[Tinkerphones] Strategies for sustainable phones
paul at boddie.org.uk
Thu Sep 19 18:18:33 CEST 2019
Recently, having found myself needing to buy a fairly cheap Android smartphone
to keep communicating with the rest of the world, I found myself reviewing
what the options really were for buying something that would be (amongst other
1. Viable for a reasonable amount of time: the featurephone I retired lasted
15 years but was wearing out and obviously couldn't do smartphone things.
2. Designed not to become obsolete purely because of cynical corporate
decisions: for example, having a removable battery instead of something
sealed in that may either spontaneously decide that it wants to burst out
of the phone or that will eventually fail to hold a decent amount of
charge, making the whole device useless.
3. Running Free Software under my control as an end-user.
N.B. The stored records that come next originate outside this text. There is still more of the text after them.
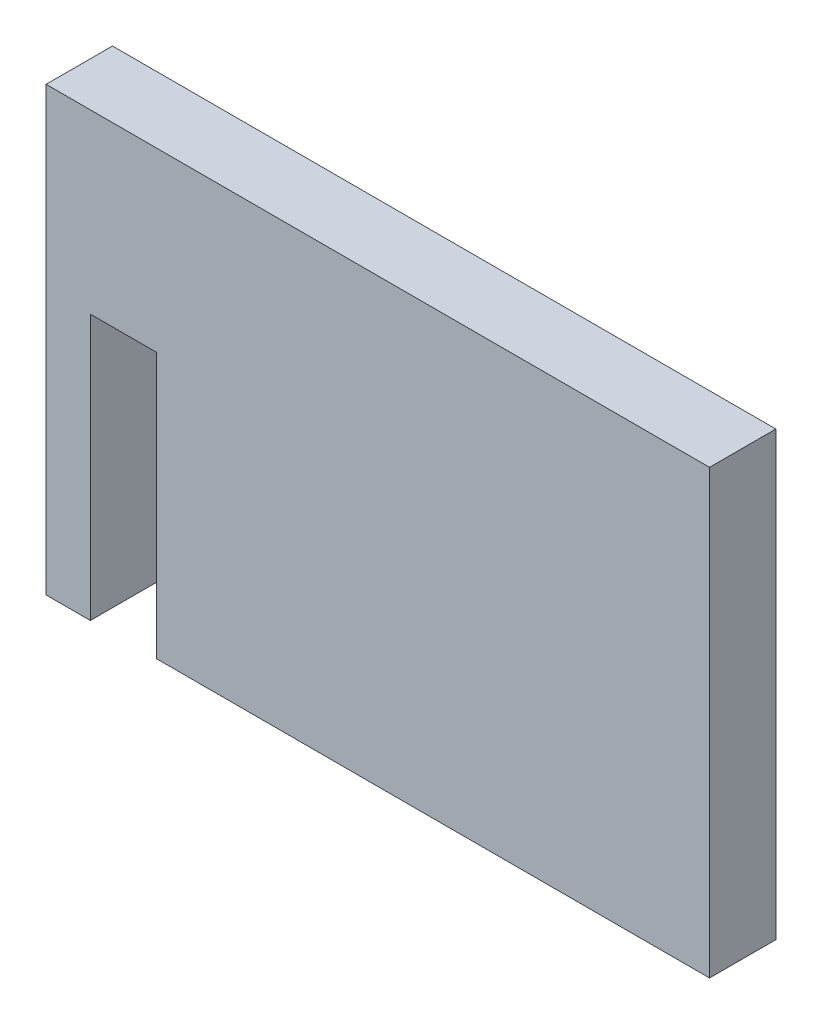
SolidWorks part; units mm, degrees
ref_plane "Front Plane" through (0, 0, 0) normal (0, 0, 1) x (1, 0, 0)
ref_plane "Top Plane" through (0, 0, 0) normal (0, 1, 0) x (1, 0, 0)
ref_plane "Right Plane" through (0, 0, 0) normal (1, 0, 0) x (0, 0, -1)
sketch "Sketch1" plane through (0, 0, 0) normal (0, 0, 1) x (1, 0, 0)
  line L0 (-11.9423, -10) -> (13.0577, -10)
  line L1 (-16.9423, 10) -> (13.0577, 10)
  line L2 (-16.9423, 10) -> (-16.9423, -10)
  line L3 (-16.9423, -10) -> (-14.9423, -10)
  line L4 (13.0577, 10) -> (13.0577, -10)
  line L7 (-14.9423, 2) -> (-11.9423, 2)
  line L8 (-14.9423, 2) -> (-14.9423, -10)
  line L10 (-11.9423, 2) -> (-11.9423, -10)
  point P0 (0, 0)
  point P6 (-13.5, -4)
  point P11 (0, 0)
  point P12 (0, 0)
  point P13 (0, 0)
  dimension "D1" = 20
  dimension "D2" = 30
extrude "Boss-Extrude1" add sketch "Sketch1" along normal blind 3

Obviously, the phone I ended up getting doesn't fully satisfy (3) even though
the manufacturer does provide something claiming to be the source code. It
does satisfy (2), being something of a rarity now. Time will tell how
successful it will satisfy (1).
Being aware of various initiatives, it was therefore interesting to read the
following review of Fairphone 3:
"Fairphone 3 review: the most ethical and repairable phone you can buy"
I dislike the tone of technology reviews, especially when they talk of "last
year's" technology. They start to sound like fashion industry gossip ("last
season's collection") with largely the same implied level of regard for the
planet, workers' rights, and so on, unless carefully worded and qualified.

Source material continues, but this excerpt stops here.